= Lucretia W. McClure =

American medical librarian (1925–2019)

Lucretia W. McClure (1925-October 17, 2019) was an American medical librarian. McClure was a director at the Edward G. Miner library, University of Rochester Medical Center. She worked at Boston Medical Library from 1994 to 2011. McClure worked for decades within the Medical Library Association, including serving as President (1990–91). She is the only person to have been interviewed twice for the MLA Oral History Project, first in 1998 and again in 2015.

== Early life and education ==
McClure was born in Denver, USA and was an avid user of public libraries as a child. She graduated from University of Missouri at Columbia in 1945, with a bachelor's degree in journalism. After raising a family in Rochester, New York, she moved back to Colorado for a year, earning her master's in library science in 1964 from the Graduate School of Librarianship, University of Denver.

== Research and career ==
Upon returning to Rochester, McClure began her first of many librarian roles, first as a cataloger in the University of Rochester Medical Center Edward G. Miner Library. She took on many more roles, including Associate Librarian Serials Librarian, Reference Librarian, and eventually Director of the library. She was also Assistant and then Associate Professor of Medical Bibliography. As her career progressed, she assisted patrons with literature searches, overseeing the process as it went from a manual one to an automated one, through things like the SUNY Biomedical Communication Network and eventually, MEDLINE.

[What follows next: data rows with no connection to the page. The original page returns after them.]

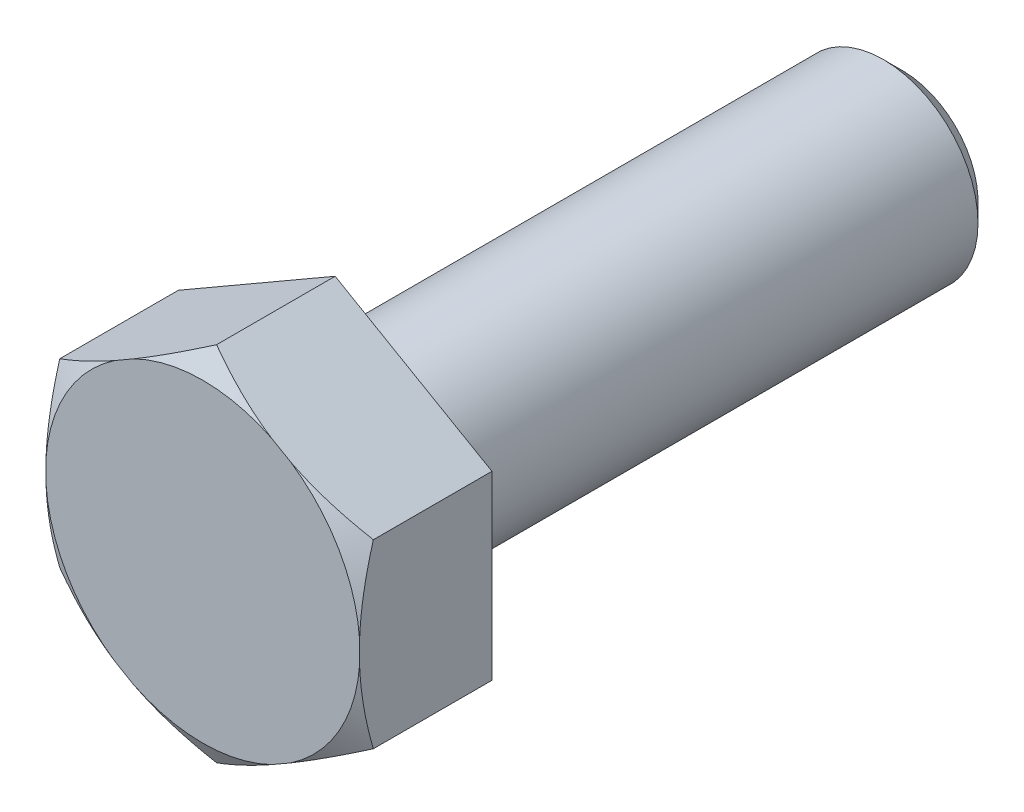
ISO-10303-21;
HEADER;
FILE_DESCRIPTION(('STEP AP214'),'2;1');
FILE_NAME('part.step','',(''),(''),'','','');
FILE_SCHEMA(('AUTOMOTIVE_DESIGN { 1 0 10303 214 1 1 1 1 }'));
ENDSEC;
DATA;
#1=APPLICATION_CONTEXT('core data for automotive mechanical design processes');
#2=APPLICATION_PROTOCOL_DEFINITION('international standard','automotive_design',2000,#1);
#3=PRODUCT_CONTEXT('',#1,'mechanical');
#4=PRODUCT('Part','Part','',(#3));
#5=PRODUCT_RELATED_PRODUCT_CATEGORY('part','',(#4));
#6=PRODUCT_DEFINITION_FORMATION('','',#4);
#7=PRODUCT_DEFINITION_CONTEXT('part definition',#1,'design');
#8=PRODUCT_DEFINITION('design','',#6,#7);
#9=PRODUCT_DEFINITION_SHAPE('','',#8);
#10=(LENGTH_UNIT() NAMED_UNIT(*) SI_UNIT(.MILLI.,.METRE.));
#11=(NAMED_UNIT(*) PLANE_ANGLE_UNIT() SI_UNIT($,.RADIAN.));
#12=(NAMED_UNIT(*) SI_UNIT($,.STERADIAN.) SOLID_ANGLE_UNIT());
#13=UNCERTAINTY_MEASURE_WITH_UNIT(LENGTH_MEASURE(1.E-05),#10,'distance_accuracy_value','');
#14=(GEOMETRIC_REPRESENTATION_CONTEXT(3) GLOBAL_UNCERTAINTY_ASSIGNED_CONTEXT((#13)) GLOBAL_UNIT_ASSIGNED_CONTEXT((#10,
#11,#12)) REPRESENTATION_CONTEXT('',''));
#15=CARTESIAN_POINT('',(0.,0.,0.));
#16=DIRECTION('',(0.,0.,1.));
#17=DIRECTION('',(1.,0.,0.));
#18=AXIS2_PLACEMENT_3D('',#15,#16,#17);
#19=CARTESIAN_POINT('',(0.,0.,0.));
#20=DIRECTION('',(0.,0.,0.999999999999983));
#21=DIRECTION('',(0.999999999999996,0.,0.));
#22=AXIS2_PLACEMENT_3D('',#19,#20,#21);
#23=PLANE('',#22);
#24=CARTESIAN_POINT('',(0.,0.,0.));
#25=DIRECTION('',(0.,0.,0.999999999999983));
#26=DIRECTION('',(0.999999999999996,0.,0.));
#27=AXIS2_PLACEMENT_3D('',#24,#25,#26);
#28=CIRCLE('',#27,3.325);
#29=CARTESIAN_POINT('',(3.31687729649477,-0.232271392986622,0.));
#30=VERTEX_POINT('',#29);
#31=CARTESIAN_POINT('',(1.85959157514623,-2.75636430350662,0.));
#32=VERTEX_POINT('',#31);
#33=EDGE_CURVE('E183',#30,#32,#28,.F.);
#34=ORIENTED_EDGE('',*,*,#33,.F.);
#35=DIRECTION('',(0.,1.,0.));
#36=VECTOR('',#35,1.);
#37=CARTESIAN_POINT('',(3.31687729649469,-1.9149999999999,0.));
#38=LINE('',#37,#36);
#39=CARTESIAN_POINT('',(3.31687729649457,0.232271392986955,0.));
#40=VERTEX_POINT('',#39);
#41=EDGE_CURVE('E309',#30,#40,#38,.T.);
#42=ORIENTED_EDGE('',*,*,#41,.T.);
#43=CARTESIAN_POINT('',(1.85959157514615,2.75636430350665,0.));
#44=VERTEX_POINT('',#43);
#45=EDGE_CURVE('E179',#44,#40,#28,.F.);
#46=ORIENTED_EDGE('',*,*,#45,.F.);
#47=DIRECTION('',(-0.866025403784435,0.499999999999998,0.));
#48=VECTOR('',#47,1.);
#49=CARTESIAN_POINT('',(3.31687729649466,1.91500000000017,0.));
#50=LINE('',#49,#48);
#51=CARTESIAN_POINT('',(1.45728572134846,2.98863569649342,0.));
#52=VERTEX_POINT('',#51);
#53=EDGE_CURVE('E318',#44,#52,#50,.T.);
#54=ORIENTED_EDGE('',*,*,#53,.T.);
#55=CARTESIAN_POINT('',(-1.45728572134823,2.98863569649344,0.));
#56=VERTEX_POINT('',#55);
#57=EDGE_CURVE('E181',#56,#52,#28,.F.);
#58=ORIENTED_EDGE('',*,*,#57,.F.);
#59=DIRECTION('',(-0.866025403784436,-0.499999999999998,0.));
#60=VECTOR('',#59,1.);
#61=CARTESIAN_POINT('',(1.11022302462516E-13,3.83000000000003,0.));
#62=LINE('',#61,#60);
#63=CARTESIAN_POINT('',(-1.85959157514597,2.75636430350665,0.));
#64=VERTEX_POINT('',#63);
#65=EDGE_CURVE('E178',#56,#64,#62,.T.);
#66=ORIENTED_EDGE('',*,*,#65,.T.);
#67=CARTESIAN_POINT('',(0.,0.,0.));
#68=DIRECTION('',(0.,0.,-0.999999999999983));
#69=DIRECTION('',(-0.999999999999996,0.,0.));
#70=AXIS2_PLACEMENT_3D('',#67,#68,#69);
#71=CIRCLE('',#70,3.325);
#72=CARTESIAN_POINT('',(-3.31687729649405,0.232271392987038,0.));
#73=VERTEX_POINT('',#72);
#74=EDGE_CURVE('E142',#73,#64,#71,.T.);
#75=ORIENTED_EDGE('',*,*,#74,.F.);
#76=DIRECTION('',(0.,-0.999999999999994,0.));
#77=VECTOR('',#76,1.);
#78=CARTESIAN_POINT('',(-3.31687729649406,1.91500000000037,0.));
#79=LINE('',#78,#77);
#80=CARTESIAN_POINT('',(-3.31687729649405,-0.232271392986594,0.));
#81=VERTEX_POINT('',#80);
#82=EDGE_CURVE('E157',#73,#81,#79,.T.);
#83=ORIENTED_EDGE('',*,*,#82,.T.);
#84=CARTESIAN_POINT('',(-1.85959157514604,-2.75636430350656,0.));
#85=VERTEX_POINT('',#84);
#86=EDGE_CURVE('E343',#85,#81,#28,.F.);
#87=ORIENTED_EDGE('',*,*,#86,.F.);
#88=DIRECTION('',(0.866025403784438,-0.5,0.));
#89=VECTOR('',#88,1.);
#90=CARTESIAN_POINT('',(-3.31687729649408,-1.91499999999982,0.));
#91=LINE('',#90,#89);
#92=CARTESIAN_POINT('',(-1.45728572134791,-2.98863569649328,0.));
#93=VERTEX_POINT('',#92);
#94=EDGE_CURVE('E166',#85,#93,#91,.T.);
#95=ORIENTED_EDGE('',*,*,#94,.T.);
#96=CARTESIAN_POINT('',(1.4572857213484,-2.98863569649332,0.));
#97=VERTEX_POINT('',#96);
#98=EDGE_CURVE('E312',#97,#93,#28,.F.);
#99=ORIENTED_EDGE('',*,*,#98,.F.);
#100=DIRECTION('',(0.866025403784433,0.499999999999997,0.));
#101=VECTOR('',#100,1.);
#102=CARTESIAN_POINT('',(2.22044604925031E-13,-3.82999999999989,0.));
#103=LINE('',#102,#101);
#104=EDGE_CURVE('E311',#97,#32,#103,.T.);
#105=ORIENTED_EDGE('',*,*,#104,.T.);
#106=EDGE_LOOP('',(#34,#42,#46,#54,#58,#66,#75,#83,#87,#95,#99,#105));
#107=FACE_BOUND('',#106,.T.);
#108=ADVANCED_FACE('F49',(#107),#23,.T.);
#109=CARTESIAN_POINT('',(-3.99999999999964,3.7470027081099E-13,-2.79999999999991));
#110=DIRECTION('',(0.,0.,-0.999999999999983));
#111=DIRECTION('',(-0.999999999999996,0.,0.));
#112=AXIS2_PLACEMENT_3D('',#109,#110,#111);
#113=PLANE('',#112);
#114=CARTESIAN_POINT('',(0.,0.,-2.79999999999989));
#115=DIRECTION('',(0.,0.,-0.999999999999983));
#116=DIRECTION('',(-0.999999999999996,0.,0.));
#117=AXIS2_PLACEMENT_3D('',#114,#115,#116);
#118=CIRCLE('',#117,2.4);
#119=CARTESIAN_POINT('',(-2.39999999999999,0.,-2.79999999999989));
#120=VERTEX_POINT('',#119);
#121=EDGE_CURVE('E14',#120,#120,#118,.F.);
#122=ORIENTED_EDGE('',*,*,#121,.T.);
#123=EDGE_LOOP('',(#122));
#124=FACE_BOUND('',#123,.T.);
#125=DIRECTION('',(-0.866025403784433,-0.499999999999997,0.));
#126=VECTOR('',#125,1.);
#127=CARTESIAN_POINT('',(1.11022302462516E-13,3.83000000000003,-2.79999999999987));
#128=LINE('',#127,#126);
#129=CARTESIAN_POINT('',(1.11022302462516E-13,3.83000000000003,-2.79999999999987));
#130=VERTEX_POINT('',#129);
#131=CARTESIAN_POINT('',(-3.31687729649406,1.91500000000037,-2.79999999999983));
#132=VERTEX_POINT('',#131);
#133=EDGE_CURVE('E164',#130,#132,#128,.T.);
#134=ORIENTED_EDGE('',*,*,#133,.F.);
#135=DIRECTION('',(-0.866025403784435,0.499999999999998,0.));
#136=VECTOR('',#135,1.);
#137=CARTESIAN_POINT('',(3.31687729649466,1.91500000000017,-2.79999999999987));
#138=LINE('',#137,#136);
#139=CARTESIAN_POINT('',(3.31687729649466,1.91500000000017,-2.79999999999987));
#140=VERTEX_POINT('',#139);
#141=EDGE_CURVE('E327',#140,#130,#138,.T.);
#142=ORIENTED_EDGE('',*,*,#141,.F.);
#143=DIRECTION('',(0.,1.,0.));
#144=VECTOR('',#143,1.);
#145=CARTESIAN_POINT('',(3.31687729649466,-1.91499999999983,-2.79999999999999));
#146=LINE('',#145,#144);
#147=CARTESIAN_POINT('',(3.31687729649466,-1.91499999999983,-2.79999999999999));
#148=VERTEX_POINT('',#147);
#149=EDGE_CURVE('E323',#148,#140,#146,.T.);
#150=ORIENTED_EDGE('',*,*,#149,.F.);
#151=DIRECTION('',(0.866025403784437,0.499999999999998,0.));
#152=VECTOR('',#151,1.);
#153=CARTESIAN_POINT('',(1.94289029309402E-13,-3.82999999999994,-2.79999999999991));
#154=LINE('',#153,#152);
#155=CARTESIAN_POINT('',(1.94289029309402E-13,-3.82999999999994,-2.79999999999991));
#156=VERTEX_POINT('',#155);
#157=EDGE_CURVE('E182',#156,#148,#154,.T.);
#158=ORIENTED_EDGE('',*,*,#157,.F.);
#159=DIRECTION('',(0.866025403784438,-0.5,0.));
#160=VECTOR('',#159,1.);
#161=CARTESIAN_POINT('',(-3.31687729649409,-1.91499999999978,-2.79999999999991));
#162=LINE('',#161,#160);
#163=CARTESIAN_POINT('',(-3.31687729649409,-1.91499999999978,-2.79999999999991));
#164=VERTEX_POINT('',#163);
#165=EDGE_CURVE('E333',#164,#156,#162,.T.);
#166=ORIENTED_EDGE('',*,*,#165,.F.);
#167=DIRECTION('',(0.,-0.999999999999994,0.));
#168=VECTOR('',#167,1.);
#169=CARTESIAN_POINT('',(-3.31687729649406,1.91500000000037,-2.79999999999983));
#170=LINE('',#169,#168);
#171=EDGE_CURVE('E336',#132,#164,#170,.T.);
#172=ORIENTED_EDGE('',*,*,#171,.F.);
#173=EDGE_LOOP('',(#134,#142,#150,#158,#166,#172));
#174=FACE_BOUND('',#173,.T.);
#175=ADVANCED_FACE('F205',(#124,#174),#113,.T.);
#176=CARTESIAN_POINT('',(0.,0.,-14.7999999999997));
#177=DIRECTION('',(0.,0.,-0.999999999999983));
#178=DIRECTION('',(-0.999999999999996,0.,0.));
#179=AXIS2_PLACEMENT_3D('',#176,#177,#178);
#180=CYLINDRICAL_SURFACE('',#179,2.);
#181=CARTESIAN_POINT('',(0.,0.,-3.19999999999989));
#182=DIRECTION('',(0.,0.,-0.999999999999983));
#183=DIRECTION('',(-0.999999999999996,0.,0.));
#184=AXIS2_PLACEMENT_3D('',#181,#182,#183);
#185=CIRCLE('',#184,2.);
#186=CARTESIAN_POINT('',(-1.99999999999999,0.,-3.19999999999989));
#187=VERTEX_POINT('',#186);
#188=EDGE_CURVE('E57',#187,#187,#185,.T.);
#189=ORIENTED_EDGE('',*,*,#188,.T.);
#190=EDGE_LOOP('',(#189));
#191=FACE_BOUND('',#190,.T.);
#192=CARTESIAN_POINT('',(0.,0.,-14.3999999999997));
#193=DIRECTION('',(0.,0.,-0.999999999999983));
#194=DIRECTION('',(-0.999999999999996,0.,0.));
#195=AXIS2_PLACEMENT_3D('',#192,#193,#194);
#196=CIRCLE('',#195,2.);
#197=CARTESIAN_POINT('',(-1.99999999999999,0.,-14.3999999999997));
#198=VERTEX_POINT('',#197);
#199=EDGE_CURVE('E187',#198,#198,#196,.F.);
#200=ORIENTED_EDGE('',*,*,#199,.T.);
#201=EDGE_LOOP('',(#200));
#202=FACE_BOUND('',#201,.T.);
#203=ADVANCED_FACE('F192',(#191,#202),#180,.T.);
#204=CARTESIAN_POINT('',(-1.99999999999995,0.,-14.7999999999996));
#205=DIRECTION('',(0.,0.,-0.999999999999983));
#206=DIRECTION('',(-0.999999999999996,0.,0.));
#207=AXIS2_PLACEMENT_3D('',#204,#205,#206);
#208=PLANE('',#207);
#209=CARTESIAN_POINT('',(0.,0.,-14.7999999999997));
#210=DIRECTION('',(0.,0.,-0.999999999999983));
#211=DIRECTION('',(-0.999999999999996,0.,0.));
#212=AXIS2_PLACEMENT_3D('',#209,#210,#211);
#213=CIRCLE('',#212,1.6);
#214=CARTESIAN_POINT('',(-1.59999999999999,0.,-14.7999999999997));
#215=VERTEX_POINT('',#214);
#216=EDGE_CURVE('E184',#215,#215,#213,.T.);
#217=ORIENTED_EDGE('',*,*,#216,.T.);
#218=EDGE_LOOP('',(#217));
#219=FACE_BOUND('',#218,.T.);
#220=ADVANCED_FACE('F217',(#219),#208,.T.);
#221=CARTESIAN_POINT('',(3.31687729649469,1.91500000000011,-14.2551298552219));
#222=DIRECTION('',(0.499999999999998,0.866025403784435,0.));
#223=DIRECTION('',(-0.866025403784435,0.499999999999998,0.));
#224=AXIS2_PLACEMENT_3D('',#221,#222,#223);
#225=PLANE('',#224);
#226=CARTESIAN_POINT('',(5.62172629363067,0.584294811062119,-1.3434993343903));
#227=CARTESIAN_POINT('',(5.51750239060648,0.644468509529189,-1.28725167208016));
#228=CARTESIAN_POINT('',(5.4130292532571,0.704786103500962,-1.2316103271576));
#229=CARTESIAN_POINT('',(5.20347942037262,0.825769755925475,-1.12182497272101));
#230=CARTESIAN_POINT('',(5.09840265091867,0.886435857055285,-1.06768115152197));
#231=CARTESIAN_POINT('',(4.88722864154449,1.00835722821331,-0.961019118310309));
#232=CARTESIAN_POINT('',(4.78112921034729,1.06961376337588,-0.90850667265742));
#233=CARTESIAN_POINT('',(4.56813590600311,1.19258550497459,-0.805680571313846));
#234=CARTESIAN_POINT('',(4.46124205817845,1.25430069679087,-0.755366845886894));
#235=CARTESIAN_POINT('',(4.2437984119913,1.37984184445059,-0.65617223135669));
#236=CARTESIAN_POINT('',(4.13322484720153,1.44368152184722,-0.607360490360517));
#237=CARTESIAN_POINT('',(3.91096100065247,1.57200561348344,-0.513209643081533));
#238=CARTESIAN_POINT('',(3.79927065089425,1.63649006698224,-0.467870749727474));
#239=CARTESIAN_POINT('',(3.57475351404745,1.76611509637842,-0.381529270760591));
#240=CARTESIAN_POINT('',(3.46192797603732,1.83125495112003,-0.340522391210607));
#241=CARTESIAN_POINT('',(3.2349413118943,1.96230576276547,-0.263789020052963));
#242=CARTESIAN_POINT('',(3.12078029875782,2.0282166544308,-0.228062085139603));
#243=CARTESIAN_POINT('',(2.8478189886034,2.18581094032681,-0.150779586359144));
#244=CARTESIAN_POINT('',(2.68839276078281,2.27785571587489,-0.112092988464671));
#245=CARTESIAN_POINT('',(2.36727550688925,2.46325284885175,-0.0501062405236517));
#246=CARTESIAN_POINT('',(2.20558529212221,2.55660473787283,-0.0268007157970964));
#247=CARTESIAN_POINT('',(1.96313191693464,2.69658525930332,-0.00531895884539625));
#248=CARTESIAN_POINT('',(1.88279263235805,2.74296916688012,-0.000394837495243021));
#249=CARTESIAN_POINT('',(1.7219970208446,2.83580455647191,0.004967539705456));
#250=CARTESIAN_POINT('',(1.64154069515291,2.882256037768,0.00540584293536431));
#251=CARTESIAN_POINT('',(1.48070297743578,2.97511573738787,0.00177609392440867));
#252=CARTESIAN_POINT('',(1.40032158813878,3.02152395413638,-0.00229211644284773));
#253=CARTESIAN_POINT('',(1.23981324881629,3.11419348705125,-0.0148097388616338));
#254=CARTESIAN_POINT('',(1.15968631688761,3.16045479276942,-0.023259455799578));
#255=CARTESIAN_POINT('',(0.970482918174992,3.26969142594765,-0.0481712002887221));
#256=CARTESIAN_POINT('',(0.861583155005844,3.33256473352831,-0.0664362042317106));
#257=CARTESIAN_POINT('',(0.644823571132267,3.45771093762734,-0.109866469692268));
#258=CARTESIAN_POINT('',(0.536963904071402,3.51998374543956,-0.135032734981148));
#259=CARTESIAN_POINT('',(0.322298711809833,3.64392075197737,-0.191315596723954));
#260=CARTESIAN_POINT('',(0.215494521329859,3.70558418010159,-0.222438911308774));
#261=CARTESIAN_POINT('',(0.00308429644430142,3.8282192806179,-0.289655544512568));
#262=CARTESIAN_POINT('',(-0.102521813305815,3.88919099651019,-0.325748548702821));
#263=CARTESIAN_POINT('',(-0.31386293594174,4.01120885055489,-0.402500734841856));
#264=CARTESIAN_POINT('',(-0.41958439576251,4.07224716384154,-0.443209347985084));
#265=CARTESIAN_POINT('',(-0.629904407731453,4.19367547936775,-0.528055943094412));
#266=CARTESIAN_POINT('',(-0.734503652778316,4.25406588165254,-0.572191651621964));
#267=CARTESIAN_POINT('',(-1.04686737770612,4.43440916232486,-0.70879646679862));
#268=CARTESIAN_POINT('',(-1.2532504559821,4.55356448812419,-0.805483077200813));
#269=CARTESIAN_POINT('',(-1.52973841936999,4.71319488821351,-0.941034706860773));
#270=CARTESIAN_POINT('',(-1.6011012520847,4.7543962388913,-0.976568885707778));
#271=CARTESIAN_POINT('',(-1.74351306044048,4.83661773478114,-1.0484640977588));
#272=CARTESIAN_POINT('',(-1.81456204648264,4.87763788599828,-1.08482510331195));
#273=CARTESIAN_POINT('',(-1.95562500708552,4.95908062427508,-1.15788245032702));
#274=CARTESIAN_POINT('',(-2.025641964322,4.99950493338341,-1.19457113908892));
#275=CARTESIAN_POINT('',(-2.16542641207161,5.08020952192012,-1.26858074581908));
#276=CARTESIAN_POINT('',(-2.23519389819151,5.12048979881209,-1.30590167485541));
#277=CARTESIAN_POINT('',(-2.30484899713596,5.16070518893805,-1.34349933439029));
#278=B_SPLINE_CURVE_WITH_KNOTS('',3,(#226,#227,#228,#229,#230,#231,#232,#233,#234,#235,#236,
#237,#238,#239,#240,#241,#242,#243,#244,#245,#246,#247,#248,#249,#250,#251,#252,#253,#254,#255,
#256,#257,#258,#259,#260,#261,#262,#263,#264,#265,#266,#267,#268,#269,#270,#271,#272,#273,#274,
#275,#276,#277),.UNSPECIFIED.,.F.,.F.,(4,2,2,2,2,2,2,2,2,2,2,2,2,2,2,2,2,2,2,2,2,2,2,2,2,4),(0.,
0.398533636659788,0.797117163512729,1.1969781739285,1.59682649283293,2.00686036937098,
2.41691936599541,2.82656801693037,3.23618225408048,3.7999982001106,4.36361702484875,
4.64221895453416,4.92081794161354,5.19942670459779,5.47805485712915,5.85902313260719,
6.24004684839045,6.62150282726741,7.00293468277663,7.3889266616523,7.7746647366572,
8.54594940820009,8.81516386294476,9.08436932777878,9.35071814537418,9.61707163053138),.UNSPECIFIED.);
#279=CARTESIAN_POINT('',(3.31687729649466,1.91500000000017,-0.291561885940761));
#280=VERTEX_POINT('',#279);
#281=EDGE_CURVE('E236',#280,#44,#278,.T.);
#282=ORIENTED_EDGE('',*,*,#281,.F.);
#283=DIRECTION('',(0.,0.,0.999999999999983));
#284=VECTOR('',#283,1.);
#285=CARTESIAN_POINT('',(3.31687729649469,1.91500000000011,-14.2551298552219));
#286=LINE('',#285,#284);
#287=EDGE_CURVE('E326',#140,#280,#286,.T.);
#288=ORIENTED_EDGE('',*,*,#287,.F.);
#289=ORIENTED_EDGE('',*,*,#141,.T.);
#290=DIRECTION('',(0.,0.,0.999999999999983));
#291=VECTOR('',#290,1.);
#292=CARTESIAN_POINT('',(5.82867087928207E-13,3.83000000000024,-14.2551298552219));
#293=LINE('',#292,#291);
#294=CARTESIAN_POINT('',(1.11022302462516E-13,3.83000000000003,-0.291561885940761));
#295=VERTEX_POINT('',#294);
#296=EDGE_CURVE('E168',#130,#295,#293,.T.);
#297=ORIENTED_EDGE('',*,*,#296,.T.);
#298=EDGE_CURVE('E230',#52,#295,#278,.T.);
#299=ORIENTED_EDGE('',*,*,#298,.F.);
#300=ORIENTED_EDGE('',*,*,#53,.F.);
#301=EDGE_LOOP('',(#282,#288,#289,#297,#299,#300));
#302=FACE_BOUND('',#301,.T.);
#303=ADVANCED_FACE('F220',(#302),#225,.T.);
#304=CARTESIAN_POINT('',(3.31687729649482,-1.9149999999996,-14.2551298552219));
#305=DIRECTION('',(1.,0.,0.));
#306=DIRECTION('',(0.,1.,0.));
#307=AXIS2_PLACEMENT_3D('',#304,#305,#306);
#308=PLANE('',#307);
#309=CARTESIAN_POINT('',(3.3168772964948,-4.219848997136,-1.17917039043227));
#310=CARTESIAN_POINT('',(3.31687729649482,-4.10000949336628,-1.12478805347096));
#311=CARTESIAN_POINT('',(3.31687729649482,-3.97984254129514,-1.07111397821082));
#312=CARTESIAN_POINT('',(3.31687729649483,-3.73871307818964,-0.9655258155449));
#313=CARTESIAN_POINT('',(3.31687729649483,-3.61775042780805,-0.913612046770637));
#314=CARTESIAN_POINT('',(3.31687729649482,-3.37442550283469,-0.811695663946804));
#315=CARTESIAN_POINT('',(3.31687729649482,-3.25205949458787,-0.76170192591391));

Beyond the myriad of librarian roles, McClure was editor for the monograph Health Sciences Environment and Librarianship in Health Sciences Libraries and frequently wrote academic articles across library science journals.

== Awards and recognition ==
The Lucretia W. McClure Excellence in Education Award was established in 1998 by the MLA, and it honors practicing librarians and/or library educators active in the MLA and have demonstrated skills in mentoring, research, leadership, or teaching. Awards given to her include the Holloway Award for Contributions to the Profession, Archivists, and Librarians in the History of the Health Sciences (2003), the MLA President's Award (1995), and the Distinguished Service Award from the University of Rochester (1992). She is inducted into the Massachusetts Health Sciences Libraries Network Hall of Fame as of 2006 and at the 113th Medical Library Association Annual meeting, May 6, 2013 was declared Lucretia McClure Day.